At present, shares yield 7.4 percent, with a $3.48 annual payout. That’s a bit lower than what the company has paid in previous years, as market uncertainty led to a dividend cut. The cut dividend payment, as well as the reduced share price, still presents a high-yield opportunity today.
The company is currently paying out more in dividends than from its cash flow. That’s generally a concern, as a payout ratio over 100 percent isn’t sustainable. But with higher—and steadier—oil prices likely down the line, the company should be fine.
In its long operating history, it’s already seen every market under the sun for oil, and will no doubt pull through this time as well, thanks in part to its strong balance sheet relative to competitors. That makes this high-yielder look like an attractive buy today.
Dividend Stock #10: Home Depot (HD)
Home Depot (HD) is a home improvement retailer with over 2,200 locations in the United States and elsewhere. At a time when many traditional retailers have struggled, Home Depot has managed to maintain a long-term growth trend.
The company boasts a 9.8 percent profit margin, higher than other big-box retailers, particularly grocery stores.
Why? In addition to being a low-cost provider of home improvement supplies, Home Depot also offers tool rentals and installation services. Add-ons such as this are high-profit-margin areas and could help fuel the company’s growth even further.
That’s also been evident from the company’s dividend. In the past year, the company yet again raised its payout to a full $6 per share from a previous dividend of $5.72 per year. That’s a 4.8 percent increase in the dividend, a very attractive and reasonable growth rate.
At current prices, shares offer a 2.4 percent dividend yield. That yield may fluctuate, but chances are the total dividends per share will continue to increase in time.
That’s because the company has an excellent long-term history of growing its dividend. So while Home Depot will always likely be a low-yield play, it will offer some dividend growth and capital gains to match.
What’s more, the dividend payout ratio is a mere 55.6 percent of current earnings right now. So there’s clearly some room for the dividend to continue growing over the next few years, even in a sluggish economy.
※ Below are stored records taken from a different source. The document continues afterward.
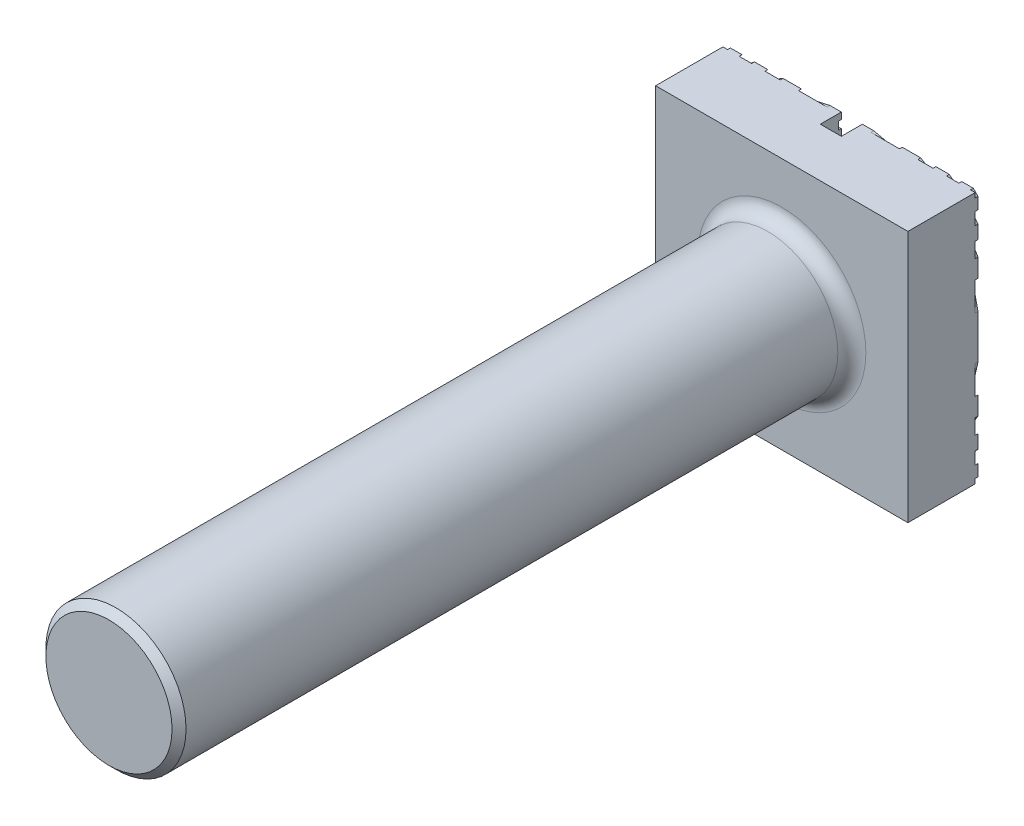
ISO-10303-21;
HEADER;
FILE_DESCRIPTION(('STEP AP214'),'2;1');
FILE_NAME('part.step','',(''),(''),'','','');
FILE_SCHEMA(('AUTOMOTIVE_DESIGN { 1 0 10303 214 1 1 1 1 }'));
ENDSEC;
DATA;
#1=APPLICATION_CONTEXT('core data for automotive mechanical design processes');
#2=APPLICATION_PROTOCOL_DEFINITION('international standard','automotive_design',2000,#1);
#3=PRODUCT_CONTEXT('',#1,'mechanical');
#4=PRODUCT('Part','Part','',(#3));
#5=PRODUCT_RELATED_PRODUCT_CATEGORY('part','',(#4));
#6=PRODUCT_DEFINITION_FORMATION('','',#4);
#7=PRODUCT_DEFINITION_CONTEXT('part definition',#1,'design');
#8=PRODUCT_DEFINITION('design','',#6,#7);
#9=PRODUCT_DEFINITION_SHAPE('','',#8);
#10=(LENGTH_UNIT() NAMED_UNIT(*) SI_UNIT(.MILLI.,.METRE.));
#11=(NAMED_UNIT(*) PLANE_ANGLE_UNIT() SI_UNIT($,.RADIAN.));
#12=(NAMED_UNIT(*) SI_UNIT($,.STERADIAN.) SOLID_ANGLE_UNIT());
#13=UNCERTAINTY_MEASURE_WITH_UNIT(LENGTH_MEASURE(1.E-05),#10,'distance_accuracy_value','');
#14=(GEOMETRIC_REPRESENTATION_CONTEXT(3) GLOBAL_UNCERTAINTY_ASSIGNED_CONTEXT((#13)) GLOBAL_UNIT_ASSIGNED_CONTEXT((#10,
#11,#12)) REPRESENTATION_CONTEXT('',''));
#15=CARTESIAN_POINT('',(0.,0.,0.));
#16=DIRECTION('',(0.,0.,1.));
#17=DIRECTION('',(1.,0.,0.));
#18=AXIS2_PLACEMENT_3D('',#15,#16,#17);
#19=CARTESIAN_POINT('',(-8.99999999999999,-8.99999999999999,-5.));
#20=DIRECTION('',(0.,0.,1.));
#21=DIRECTION('',(1.,0.,0.));
#22=AXIS2_PLACEMENT_3D('',#19,#20,#21);
#23=PLANE('',#22);
#24=CARTESIAN_POINT('',(0.,0.,-5.));
#25=DIRECTION('',(0.,0.,1.));
#26=DIRECTION('',(1.,0.,0.));
#27=AXIS2_PLACEMENT_3D('',#24,#25,#26);
#28=CIRCLE('',#27,12.4940496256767);
#29=CARTESIAN_POINT('',(-8.99999999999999,-8.66609924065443,-5.));
#30=VERTEX_POINT('',#29);
#31=CARTESIAN_POINT('',(-8.66609924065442,-8.99999999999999,-5.));
#32=VERTEX_POINT('',#31);
#33=EDGE_CURVE('E1759',#30,#32,#28,.T.);
#34=ORIENTED_EDGE('',*,*,#33,.F.);
#35=DIRECTION('',(0.,-1.,0.));
#36=VECTOR('',#35,1.);
#37=CARTESIAN_POINT('',(-8.99999999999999,9.,-5.));
#38=LINE('',#37,#36);
#39=CARTESIAN_POINT('',(-8.99999999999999,-7.8371895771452,-5.));
#40=VERTEX_POINT('',#39);
#41=EDGE_CURVE('E1285',#40,#30,#38,.T.);
#42=ORIENTED_EDGE('',*,*,#41,.F.);
#43=CARTESIAN_POINT('',(0.,0.,-5.));
#44=DIRECTION('',(0.,0.,1.));
#45=DIRECTION('',(1.,0.,0.));
#46=AXIS2_PLACEMENT_3D('',#43,#44,#45);
#47=CIRCLE('',#46,11.9340496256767);
#48=CARTESIAN_POINT('',(-7.83718957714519,-8.99999999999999,-5.));
#49=VERTEX_POINT('',#48);
#50=EDGE_CURVE('E1758',#40,#49,#47,.T.);
#51=ORIENTED_EDGE('',*,*,#50,.T.);
#52=DIRECTION('',(1.,0.,0.));
#53=VECTOR('',#52,1.);
#54=CARTESIAN_POINT('',(-8.99999999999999,-8.99999999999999,-5.));
#55=LINE('',#54,#53);
#56=EDGE_CURVE('E1291',#32,#49,#55,.T.);
#57=ORIENTED_EDGE('',*,*,#56,.F.);
#58=EDGE_LOOP('',(#34,#42,#51,#57));
#59=FACE_BOUND('',#58,.T.);
#60=ADVANCED_FACE('F32',(#59),#23,.F.);
#61=CARTESIAN_POINT('',(-8.66609924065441,9.,-5.));
#62=VERTEX_POINT('',#61);
#63=CARTESIAN_POINT('',(-8.99999999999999,8.66609924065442,-5.));
#64=VERTEX_POINT('',#63);
#65=EDGE_CURVE('E1762',#62,#64,#28,.T.);
#66=ORIENTED_EDGE('',*,*,#65,.F.);
#67=DIRECTION('',(-1.,0.,0.));
#68=VECTOR('',#67,1.);
#69=CARTESIAN_POINT('',(-8.99999999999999,9.,-5.));
#70=LINE('',#69,#68);
#71=CARTESIAN_POINT('',(-7.83718957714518,9.,-5.));
#72=VERTEX_POINT('',#71);
#73=EDGE_CURVE('E1297',#72,#62,#70,.T.);
#74=ORIENTED_EDGE('',*,*,#73,.F.);
#75=CARTESIAN_POINT('',(-8.99999999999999,7.83718957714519,-5.));
#76=VERTEX_POINT('',#75);
#77=EDGE_CURVE('E815',#72,#76,#47,.T.);
#78=ORIENTED_EDGE('',*,*,#77,.T.);
#79=EDGE_CURVE('E1286',#64,#76,#38,.T.);
#80=ORIENTED_EDGE('',*,*,#79,.F.);
#81=EDGE_LOOP('',(#66,#74,#78,#80));
#82=FACE_BOUND('',#81,.T.);
#83=ADVANCED_FACE('F1449',(#82),#23,.F.);
#84=CARTESIAN_POINT('',(8.66609924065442,-8.99999999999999,-5.));
#85=VERTEX_POINT('',#84);
#86=CARTESIAN_POINT('',(9.00000000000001,-8.6660992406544,-5.));
#87=VERTEX_POINT('',#86);
#88=EDGE_CURVE('E784',#85,#87,#28,.T.);
#89=ORIENTED_EDGE('',*,*,#88,.F.);
#90=CARTESIAN_POINT('',(7.8371895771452,-8.99999999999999,-5.));
#91=VERTEX_POINT('',#90);
#92=EDGE_CURVE('E1288',#91,#85,#55,.T.);
#93=ORIENTED_EDGE('',*,*,#92,.F.);
#94=CARTESIAN_POINT('',(9.00000000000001,-7.83718957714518,-5.));
#95=VERTEX_POINT('',#94);
#96=EDGE_CURVE('E810',#91,#95,#47,.T.);
#97=ORIENTED_EDGE('',*,*,#96,.T.);
#98=DIRECTION('',(0.,1.,0.));
#99=VECTOR('',#98,1.);
#100=CARTESIAN_POINT('',(9.00000000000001,9.00000000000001,-5.));
#101=LINE('',#100,#99);
#102=EDGE_CURVE('E1295',#87,#95,#101,.T.);
#103=ORIENTED_EDGE('',*,*,#102,.F.);
#104=EDGE_LOOP('',(#89,#93,#97,#103));
#105=FACE_BOUND('',#104,.T.);
#106=ADVANCED_FACE('F1456',(#105),#23,.F.);
#107=CARTESIAN_POINT('',(9.00000000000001,8.6660992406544,-5.));
#108=VERTEX_POINT('',#107);
#109=CARTESIAN_POINT('',(8.66609924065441,9.00000000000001,-5.));
#110=VERTEX_POINT('',#109);
#111=EDGE_CURVE('E1764',#108,#110,#28,.T.);
#112=ORIENTED_EDGE('',*,*,#111,.F.);
#113=CARTESIAN_POINT('',(9.00000000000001,7.83718957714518,-5.));
#114=VERTEX_POINT('',#113);
#115=EDGE_CURVE('E793',#114,#108,#101,.T.);
#116=ORIENTED_EDGE('',*,*,#115,.F.);
#117=CARTESIAN_POINT('',(7.83718957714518,9.00000000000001,-5.));
#118=VERTEX_POINT('',#117);
#119=EDGE_CURVE('E811',#114,#118,#47,.T.);
#120=ORIENTED_EDGE('',*,*,#119,.T.);
#121=EDGE_CURVE('E1300',#110,#118,#70,.T.);
#122=ORIENTED_EDGE('',*,*,#121,.F.);
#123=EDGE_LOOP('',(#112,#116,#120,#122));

Conclusion: Dividends Matter
Dividend payments come in all sizes and payouts. Investors who buy a mix of companies with a history of treating their shareholders right should end up with both large capital gains and large cash payments. In a world of low interest rates, dividends matter now more than ever.
And with the power of reinvesting those dividends, those who seek out companies paying out cash to their shareholders are making it incredibly difficult to lose the investment game over time. Make sure you’re investing in the best companies with a history of paying dividends in these uncertain times.
Frequently Asked Questions:
What is a good dividend yield?
That can depend greatly. But for most common stocks, a dividend yield over 3 percent is a good starting point. That’s higher than the market average near 2 percent, and it should be able to grow over time.
How can I choose a good dividend stock?
Besides using the stocks on this list, look for companies that have a similar operating history. Companies need strong earnings and cash flows to be able to sustain and grow a dividend. And there are a number of solid dividend ETFs if you want to immediately start with a basket of dividend companies.
Are dividend stocks worth it?
Absolutely! While they may not always be as exciting as a growth stock, a dividend-paying stock provides you with regular cash. Dividend investing takes a lot of uncertainty out of investing.
How do dividend stocks play into overall portfolio strategy?
Dividend stocks should be the core of a stock portfolio. That’s due to their regular cash payouts and lower average volatility. And, studies have shown that reinvested dividends can produce over half your portfolio’s total return.